BEGIN Data shown

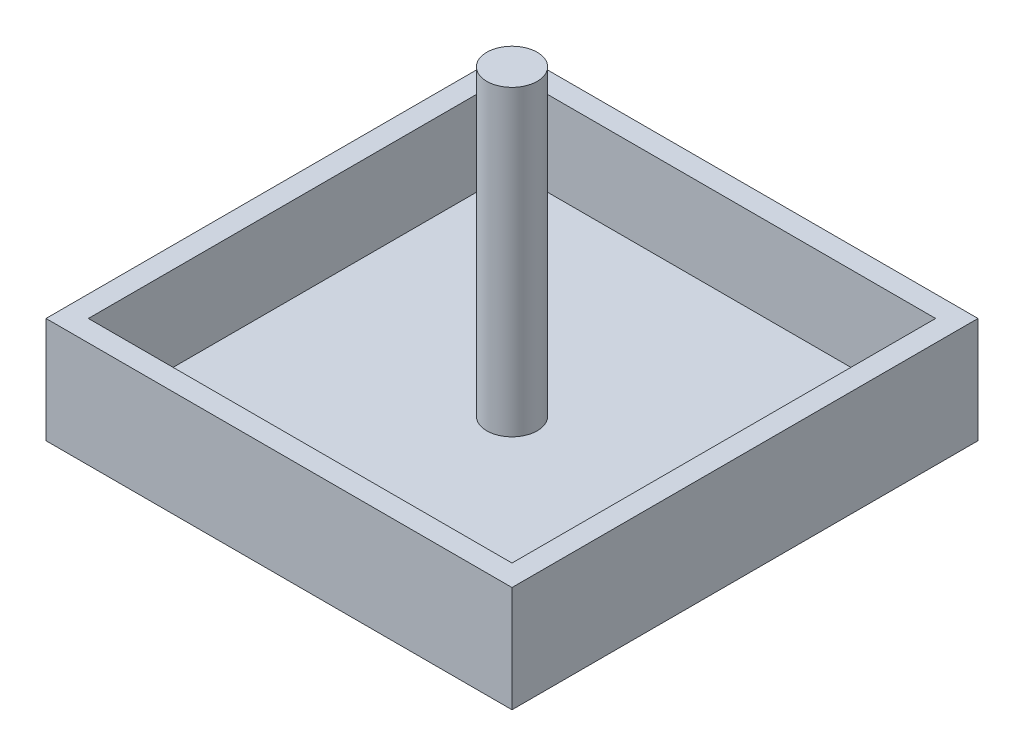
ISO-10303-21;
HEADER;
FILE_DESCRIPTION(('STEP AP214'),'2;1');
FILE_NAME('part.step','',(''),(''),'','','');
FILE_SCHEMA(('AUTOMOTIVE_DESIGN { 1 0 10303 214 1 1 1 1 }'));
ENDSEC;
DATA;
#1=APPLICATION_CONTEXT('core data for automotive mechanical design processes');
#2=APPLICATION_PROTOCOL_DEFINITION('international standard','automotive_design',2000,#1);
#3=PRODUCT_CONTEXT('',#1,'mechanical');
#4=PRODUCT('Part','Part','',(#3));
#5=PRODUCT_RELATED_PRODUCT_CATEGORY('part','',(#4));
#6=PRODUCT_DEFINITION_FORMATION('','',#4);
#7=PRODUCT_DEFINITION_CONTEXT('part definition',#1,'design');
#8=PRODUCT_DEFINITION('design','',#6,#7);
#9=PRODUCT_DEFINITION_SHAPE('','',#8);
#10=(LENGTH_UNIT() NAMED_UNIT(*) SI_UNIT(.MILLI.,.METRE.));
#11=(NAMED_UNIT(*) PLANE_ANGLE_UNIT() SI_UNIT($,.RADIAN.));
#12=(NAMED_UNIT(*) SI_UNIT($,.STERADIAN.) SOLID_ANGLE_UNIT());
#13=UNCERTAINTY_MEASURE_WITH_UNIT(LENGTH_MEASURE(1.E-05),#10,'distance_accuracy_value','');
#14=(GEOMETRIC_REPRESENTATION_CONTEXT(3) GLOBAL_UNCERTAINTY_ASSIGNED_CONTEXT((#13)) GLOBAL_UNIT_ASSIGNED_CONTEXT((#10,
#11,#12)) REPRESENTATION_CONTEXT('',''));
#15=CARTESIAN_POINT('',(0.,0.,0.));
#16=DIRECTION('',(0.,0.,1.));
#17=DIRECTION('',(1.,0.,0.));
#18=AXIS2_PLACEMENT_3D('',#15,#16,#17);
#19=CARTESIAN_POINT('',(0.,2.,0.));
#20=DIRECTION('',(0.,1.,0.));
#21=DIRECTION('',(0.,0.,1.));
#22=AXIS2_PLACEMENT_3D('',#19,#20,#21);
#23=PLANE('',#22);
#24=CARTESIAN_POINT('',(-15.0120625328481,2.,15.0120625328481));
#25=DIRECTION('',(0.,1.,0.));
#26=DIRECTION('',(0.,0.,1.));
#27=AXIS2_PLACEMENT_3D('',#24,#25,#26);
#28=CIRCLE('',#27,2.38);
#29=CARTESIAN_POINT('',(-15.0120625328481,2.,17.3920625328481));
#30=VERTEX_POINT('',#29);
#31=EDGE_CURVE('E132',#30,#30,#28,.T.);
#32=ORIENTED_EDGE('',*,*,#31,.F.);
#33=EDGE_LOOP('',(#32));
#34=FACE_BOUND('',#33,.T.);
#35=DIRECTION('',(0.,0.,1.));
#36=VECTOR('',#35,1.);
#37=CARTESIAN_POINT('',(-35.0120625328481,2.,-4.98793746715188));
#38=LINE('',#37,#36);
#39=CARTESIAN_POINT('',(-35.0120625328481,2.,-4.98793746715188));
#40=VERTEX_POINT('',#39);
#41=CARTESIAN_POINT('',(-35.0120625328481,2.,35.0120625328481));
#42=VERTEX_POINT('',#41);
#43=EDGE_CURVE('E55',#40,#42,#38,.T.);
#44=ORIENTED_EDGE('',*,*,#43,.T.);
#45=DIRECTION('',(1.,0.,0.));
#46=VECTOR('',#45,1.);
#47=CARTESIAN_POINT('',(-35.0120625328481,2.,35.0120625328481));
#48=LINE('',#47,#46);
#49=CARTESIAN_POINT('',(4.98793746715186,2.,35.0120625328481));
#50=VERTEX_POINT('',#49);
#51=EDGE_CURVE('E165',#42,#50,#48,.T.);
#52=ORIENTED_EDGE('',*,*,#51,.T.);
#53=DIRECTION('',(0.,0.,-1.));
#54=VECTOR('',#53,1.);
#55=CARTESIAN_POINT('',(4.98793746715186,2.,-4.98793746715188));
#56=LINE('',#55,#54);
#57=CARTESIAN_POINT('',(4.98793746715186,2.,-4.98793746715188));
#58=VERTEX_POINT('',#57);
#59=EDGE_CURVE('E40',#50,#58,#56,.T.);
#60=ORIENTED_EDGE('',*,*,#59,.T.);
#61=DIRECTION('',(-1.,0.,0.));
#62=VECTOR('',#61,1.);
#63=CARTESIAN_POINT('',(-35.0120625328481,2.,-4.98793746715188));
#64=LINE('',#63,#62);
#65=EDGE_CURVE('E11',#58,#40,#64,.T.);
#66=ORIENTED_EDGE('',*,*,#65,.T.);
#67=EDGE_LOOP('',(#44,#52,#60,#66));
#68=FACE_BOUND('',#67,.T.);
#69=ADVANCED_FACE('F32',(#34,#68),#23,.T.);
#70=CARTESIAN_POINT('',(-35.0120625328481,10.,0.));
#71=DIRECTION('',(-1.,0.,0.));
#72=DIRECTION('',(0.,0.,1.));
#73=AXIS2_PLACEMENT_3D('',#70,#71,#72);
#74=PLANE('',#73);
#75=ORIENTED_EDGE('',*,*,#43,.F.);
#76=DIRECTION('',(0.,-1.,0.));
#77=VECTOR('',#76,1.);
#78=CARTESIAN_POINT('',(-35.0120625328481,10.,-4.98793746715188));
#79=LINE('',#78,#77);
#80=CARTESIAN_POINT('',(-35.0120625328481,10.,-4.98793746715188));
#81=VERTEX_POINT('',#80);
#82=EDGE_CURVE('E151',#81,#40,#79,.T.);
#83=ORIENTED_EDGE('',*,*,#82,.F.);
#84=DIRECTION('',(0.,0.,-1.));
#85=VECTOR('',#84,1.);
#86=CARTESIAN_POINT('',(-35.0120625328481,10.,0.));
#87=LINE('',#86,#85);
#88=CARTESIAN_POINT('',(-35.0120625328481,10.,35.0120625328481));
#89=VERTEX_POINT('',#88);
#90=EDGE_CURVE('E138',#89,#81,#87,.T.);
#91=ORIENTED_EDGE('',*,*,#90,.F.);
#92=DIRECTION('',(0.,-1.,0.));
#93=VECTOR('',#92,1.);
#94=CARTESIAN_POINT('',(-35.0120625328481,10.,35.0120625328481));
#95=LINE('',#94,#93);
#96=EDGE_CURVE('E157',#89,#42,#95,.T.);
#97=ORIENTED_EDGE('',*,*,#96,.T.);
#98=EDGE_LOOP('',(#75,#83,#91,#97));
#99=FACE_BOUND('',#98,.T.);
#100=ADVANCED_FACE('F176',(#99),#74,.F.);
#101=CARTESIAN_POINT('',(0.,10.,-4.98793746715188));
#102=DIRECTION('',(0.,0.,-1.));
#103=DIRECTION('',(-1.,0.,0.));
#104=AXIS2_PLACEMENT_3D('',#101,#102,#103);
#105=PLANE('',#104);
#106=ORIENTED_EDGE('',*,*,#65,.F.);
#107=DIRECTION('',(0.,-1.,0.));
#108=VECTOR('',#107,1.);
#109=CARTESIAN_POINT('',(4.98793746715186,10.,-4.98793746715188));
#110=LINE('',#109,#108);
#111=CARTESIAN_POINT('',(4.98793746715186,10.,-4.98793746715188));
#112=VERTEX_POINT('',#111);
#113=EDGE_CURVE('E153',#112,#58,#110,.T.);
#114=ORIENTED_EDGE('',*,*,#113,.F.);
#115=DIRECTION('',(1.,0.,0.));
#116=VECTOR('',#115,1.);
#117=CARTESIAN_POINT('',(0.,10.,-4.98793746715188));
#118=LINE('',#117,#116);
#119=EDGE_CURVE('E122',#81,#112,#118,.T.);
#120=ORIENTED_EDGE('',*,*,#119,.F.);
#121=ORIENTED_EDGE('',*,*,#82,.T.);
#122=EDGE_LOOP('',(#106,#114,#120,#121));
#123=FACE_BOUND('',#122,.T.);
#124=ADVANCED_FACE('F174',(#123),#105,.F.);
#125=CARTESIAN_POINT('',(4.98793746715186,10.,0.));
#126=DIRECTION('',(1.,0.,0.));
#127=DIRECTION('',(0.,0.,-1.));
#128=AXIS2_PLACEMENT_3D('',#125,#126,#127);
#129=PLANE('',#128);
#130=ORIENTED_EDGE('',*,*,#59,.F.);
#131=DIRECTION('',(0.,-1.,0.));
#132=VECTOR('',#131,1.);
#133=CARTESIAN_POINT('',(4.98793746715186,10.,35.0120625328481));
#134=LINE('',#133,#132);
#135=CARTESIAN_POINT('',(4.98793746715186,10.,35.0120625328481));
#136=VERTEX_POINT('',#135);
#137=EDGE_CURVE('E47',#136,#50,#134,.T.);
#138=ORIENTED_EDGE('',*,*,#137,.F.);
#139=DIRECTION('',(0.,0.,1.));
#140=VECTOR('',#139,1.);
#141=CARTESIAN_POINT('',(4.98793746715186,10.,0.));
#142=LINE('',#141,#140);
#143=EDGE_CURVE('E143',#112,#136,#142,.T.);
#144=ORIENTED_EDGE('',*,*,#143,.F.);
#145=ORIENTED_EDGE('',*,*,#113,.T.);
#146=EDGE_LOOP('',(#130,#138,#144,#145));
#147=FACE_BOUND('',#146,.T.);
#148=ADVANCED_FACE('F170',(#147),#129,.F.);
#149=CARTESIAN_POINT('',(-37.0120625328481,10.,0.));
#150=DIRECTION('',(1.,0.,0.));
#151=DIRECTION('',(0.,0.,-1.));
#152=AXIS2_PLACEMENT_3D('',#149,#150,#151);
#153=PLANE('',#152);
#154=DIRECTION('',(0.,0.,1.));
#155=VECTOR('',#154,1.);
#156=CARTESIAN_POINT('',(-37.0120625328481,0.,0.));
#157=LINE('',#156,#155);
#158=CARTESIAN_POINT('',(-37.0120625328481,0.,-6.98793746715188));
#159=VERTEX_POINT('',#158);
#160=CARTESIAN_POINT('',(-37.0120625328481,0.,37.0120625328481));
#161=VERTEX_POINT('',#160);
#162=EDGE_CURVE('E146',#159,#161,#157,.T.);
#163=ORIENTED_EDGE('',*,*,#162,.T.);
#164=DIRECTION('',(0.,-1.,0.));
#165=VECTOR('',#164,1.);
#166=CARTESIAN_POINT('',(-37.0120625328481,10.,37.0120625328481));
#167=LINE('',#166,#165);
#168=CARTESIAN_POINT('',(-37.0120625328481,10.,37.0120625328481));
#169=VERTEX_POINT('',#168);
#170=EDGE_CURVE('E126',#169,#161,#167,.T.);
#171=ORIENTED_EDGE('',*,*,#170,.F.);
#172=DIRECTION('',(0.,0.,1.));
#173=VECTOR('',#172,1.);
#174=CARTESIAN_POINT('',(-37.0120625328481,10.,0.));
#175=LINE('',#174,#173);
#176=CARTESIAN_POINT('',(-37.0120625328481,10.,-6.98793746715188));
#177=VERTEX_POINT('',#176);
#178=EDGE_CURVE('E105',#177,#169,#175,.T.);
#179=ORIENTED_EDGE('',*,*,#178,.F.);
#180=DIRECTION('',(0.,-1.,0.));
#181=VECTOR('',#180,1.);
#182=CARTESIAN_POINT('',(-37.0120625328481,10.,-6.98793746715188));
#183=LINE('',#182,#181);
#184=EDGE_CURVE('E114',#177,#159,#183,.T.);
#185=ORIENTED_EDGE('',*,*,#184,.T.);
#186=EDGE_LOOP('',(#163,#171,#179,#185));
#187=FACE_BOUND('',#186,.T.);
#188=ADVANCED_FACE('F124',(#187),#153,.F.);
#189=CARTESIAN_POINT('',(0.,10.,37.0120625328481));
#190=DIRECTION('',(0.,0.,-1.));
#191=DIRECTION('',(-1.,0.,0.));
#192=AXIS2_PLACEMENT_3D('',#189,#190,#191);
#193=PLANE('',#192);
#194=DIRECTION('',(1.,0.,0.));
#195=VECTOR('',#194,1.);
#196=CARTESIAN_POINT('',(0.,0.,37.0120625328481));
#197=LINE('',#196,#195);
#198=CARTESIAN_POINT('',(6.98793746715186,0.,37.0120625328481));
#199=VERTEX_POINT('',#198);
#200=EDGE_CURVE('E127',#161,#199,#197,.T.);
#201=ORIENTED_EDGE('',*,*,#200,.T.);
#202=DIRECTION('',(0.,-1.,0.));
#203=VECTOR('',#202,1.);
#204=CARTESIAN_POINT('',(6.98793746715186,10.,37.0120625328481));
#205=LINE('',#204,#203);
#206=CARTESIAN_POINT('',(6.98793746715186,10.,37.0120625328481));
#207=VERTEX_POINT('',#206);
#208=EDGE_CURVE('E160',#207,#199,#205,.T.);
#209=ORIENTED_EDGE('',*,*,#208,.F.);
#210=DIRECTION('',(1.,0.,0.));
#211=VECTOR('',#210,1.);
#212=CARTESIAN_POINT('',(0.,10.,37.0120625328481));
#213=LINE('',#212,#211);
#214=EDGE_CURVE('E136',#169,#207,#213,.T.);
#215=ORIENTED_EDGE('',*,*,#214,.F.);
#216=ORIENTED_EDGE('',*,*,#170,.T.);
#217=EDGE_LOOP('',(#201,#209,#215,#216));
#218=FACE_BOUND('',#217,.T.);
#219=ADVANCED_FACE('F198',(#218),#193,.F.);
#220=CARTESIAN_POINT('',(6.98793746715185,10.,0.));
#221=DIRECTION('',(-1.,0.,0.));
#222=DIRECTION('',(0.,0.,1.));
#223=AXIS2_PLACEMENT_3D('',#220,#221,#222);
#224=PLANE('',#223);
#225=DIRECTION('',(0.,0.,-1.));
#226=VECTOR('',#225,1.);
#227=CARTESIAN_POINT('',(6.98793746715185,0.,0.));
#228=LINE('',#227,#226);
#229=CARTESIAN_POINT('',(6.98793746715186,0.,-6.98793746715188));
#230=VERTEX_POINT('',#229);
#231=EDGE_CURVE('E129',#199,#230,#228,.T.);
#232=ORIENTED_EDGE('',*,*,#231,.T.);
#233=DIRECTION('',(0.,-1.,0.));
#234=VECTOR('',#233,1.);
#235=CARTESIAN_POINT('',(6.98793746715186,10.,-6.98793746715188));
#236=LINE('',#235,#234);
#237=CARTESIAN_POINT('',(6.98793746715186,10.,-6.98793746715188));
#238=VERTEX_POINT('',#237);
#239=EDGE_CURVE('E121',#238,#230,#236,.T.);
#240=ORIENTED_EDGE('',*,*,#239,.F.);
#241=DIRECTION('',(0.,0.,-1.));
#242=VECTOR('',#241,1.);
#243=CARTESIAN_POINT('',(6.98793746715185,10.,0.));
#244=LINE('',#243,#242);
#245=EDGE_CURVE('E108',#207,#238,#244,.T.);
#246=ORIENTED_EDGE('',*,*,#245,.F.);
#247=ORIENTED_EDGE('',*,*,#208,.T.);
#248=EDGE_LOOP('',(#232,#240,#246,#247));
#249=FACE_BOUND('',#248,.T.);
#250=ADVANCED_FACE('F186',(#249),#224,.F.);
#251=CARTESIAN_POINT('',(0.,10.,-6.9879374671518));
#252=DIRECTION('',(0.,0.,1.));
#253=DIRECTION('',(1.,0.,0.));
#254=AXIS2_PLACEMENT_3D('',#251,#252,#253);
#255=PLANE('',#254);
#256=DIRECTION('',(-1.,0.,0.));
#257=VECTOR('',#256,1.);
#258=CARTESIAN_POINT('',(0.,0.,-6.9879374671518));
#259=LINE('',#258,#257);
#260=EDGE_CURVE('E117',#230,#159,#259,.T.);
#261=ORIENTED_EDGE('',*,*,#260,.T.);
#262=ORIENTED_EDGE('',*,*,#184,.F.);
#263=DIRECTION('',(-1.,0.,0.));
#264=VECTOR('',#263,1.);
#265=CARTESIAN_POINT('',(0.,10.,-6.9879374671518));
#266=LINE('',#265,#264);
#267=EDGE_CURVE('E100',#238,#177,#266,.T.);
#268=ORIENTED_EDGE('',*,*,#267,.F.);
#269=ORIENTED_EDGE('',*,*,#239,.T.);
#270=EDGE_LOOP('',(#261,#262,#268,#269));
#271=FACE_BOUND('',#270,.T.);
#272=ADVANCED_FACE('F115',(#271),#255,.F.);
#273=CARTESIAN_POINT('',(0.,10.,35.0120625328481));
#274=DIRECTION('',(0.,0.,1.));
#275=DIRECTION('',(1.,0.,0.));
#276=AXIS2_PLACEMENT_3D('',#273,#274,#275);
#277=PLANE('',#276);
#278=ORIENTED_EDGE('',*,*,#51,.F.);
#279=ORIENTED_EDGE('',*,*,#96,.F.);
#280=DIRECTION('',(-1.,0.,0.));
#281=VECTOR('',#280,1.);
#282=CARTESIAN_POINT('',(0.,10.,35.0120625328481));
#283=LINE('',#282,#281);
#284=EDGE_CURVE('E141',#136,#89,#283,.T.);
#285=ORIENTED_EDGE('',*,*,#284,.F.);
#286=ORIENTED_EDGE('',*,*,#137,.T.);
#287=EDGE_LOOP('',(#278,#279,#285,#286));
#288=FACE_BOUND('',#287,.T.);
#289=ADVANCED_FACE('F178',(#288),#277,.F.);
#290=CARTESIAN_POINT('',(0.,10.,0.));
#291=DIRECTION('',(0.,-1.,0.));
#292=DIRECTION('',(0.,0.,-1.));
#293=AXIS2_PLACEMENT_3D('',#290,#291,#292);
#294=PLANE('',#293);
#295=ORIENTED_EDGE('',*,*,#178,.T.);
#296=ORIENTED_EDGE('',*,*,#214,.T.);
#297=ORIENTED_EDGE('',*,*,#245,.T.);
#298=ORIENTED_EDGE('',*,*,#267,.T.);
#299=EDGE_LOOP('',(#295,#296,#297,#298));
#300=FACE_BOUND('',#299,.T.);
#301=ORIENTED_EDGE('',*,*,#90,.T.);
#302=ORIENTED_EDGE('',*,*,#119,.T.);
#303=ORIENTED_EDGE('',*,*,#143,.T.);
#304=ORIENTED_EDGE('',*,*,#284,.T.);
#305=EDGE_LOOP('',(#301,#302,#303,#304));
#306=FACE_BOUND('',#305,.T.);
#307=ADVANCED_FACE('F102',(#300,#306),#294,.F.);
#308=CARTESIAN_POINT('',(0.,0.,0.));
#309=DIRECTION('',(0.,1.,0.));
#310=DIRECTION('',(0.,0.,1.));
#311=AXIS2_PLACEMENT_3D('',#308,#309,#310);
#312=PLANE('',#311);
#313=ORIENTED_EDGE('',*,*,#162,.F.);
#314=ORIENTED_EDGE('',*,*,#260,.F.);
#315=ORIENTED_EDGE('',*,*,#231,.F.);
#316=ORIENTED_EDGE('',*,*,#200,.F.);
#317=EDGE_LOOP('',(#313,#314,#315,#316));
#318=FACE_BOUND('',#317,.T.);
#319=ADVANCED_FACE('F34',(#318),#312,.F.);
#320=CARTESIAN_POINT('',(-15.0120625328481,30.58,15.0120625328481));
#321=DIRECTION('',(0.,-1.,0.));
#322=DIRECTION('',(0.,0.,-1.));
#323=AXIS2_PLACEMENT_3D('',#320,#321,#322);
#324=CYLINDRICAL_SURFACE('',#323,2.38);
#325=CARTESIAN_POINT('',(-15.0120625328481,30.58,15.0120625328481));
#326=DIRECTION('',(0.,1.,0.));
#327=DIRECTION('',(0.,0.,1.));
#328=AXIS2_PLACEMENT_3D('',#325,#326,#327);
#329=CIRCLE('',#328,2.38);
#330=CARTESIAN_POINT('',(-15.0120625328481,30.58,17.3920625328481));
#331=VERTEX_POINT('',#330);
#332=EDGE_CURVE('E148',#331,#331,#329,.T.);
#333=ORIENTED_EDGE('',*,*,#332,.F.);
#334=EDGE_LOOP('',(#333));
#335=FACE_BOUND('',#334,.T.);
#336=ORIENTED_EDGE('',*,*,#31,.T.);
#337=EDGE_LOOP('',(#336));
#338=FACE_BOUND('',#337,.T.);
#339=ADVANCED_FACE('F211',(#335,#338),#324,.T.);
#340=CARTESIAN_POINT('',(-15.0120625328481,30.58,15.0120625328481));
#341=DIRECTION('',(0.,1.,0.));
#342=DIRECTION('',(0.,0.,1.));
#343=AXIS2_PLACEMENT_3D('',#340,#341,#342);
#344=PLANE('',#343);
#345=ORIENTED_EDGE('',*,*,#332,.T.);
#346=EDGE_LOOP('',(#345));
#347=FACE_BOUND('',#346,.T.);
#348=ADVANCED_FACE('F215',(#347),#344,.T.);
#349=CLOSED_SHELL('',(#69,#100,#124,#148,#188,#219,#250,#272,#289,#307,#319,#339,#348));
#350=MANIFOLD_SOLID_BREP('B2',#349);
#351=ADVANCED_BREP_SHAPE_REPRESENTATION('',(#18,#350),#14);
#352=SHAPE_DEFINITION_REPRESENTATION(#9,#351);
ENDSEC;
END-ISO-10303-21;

END Data shown

Pictures are to be left out; the lines from the start of the records above through the line holding "#4=PRODUCT('Part','Part','',(#3));" are to be returned exactly.

■ **Answer box**
ISO-10303-21;
HEADER;
FILE_DESCRIPTION(('STEP AP214'),'2;1');
FILE_NAME('part.step','',(''),(''),'','','');
FILE_SCHEMA(('AUTOMOTIVE_DESIGN { 1 0 10303 214 1 1 1 1 }'));
ENDSEC;
DATA;
#1=APPLICATION_CONTEXT('core data for automotive mechanical design processes');
#2=APPLICATION_PROTOCOL_DEFINITION('international standard','automotive_design',2000,#1);
#3=PRODUCT_CONTEXT('',#1,'mechanical');
#4=PRODUCT('Part','Part','',(#3));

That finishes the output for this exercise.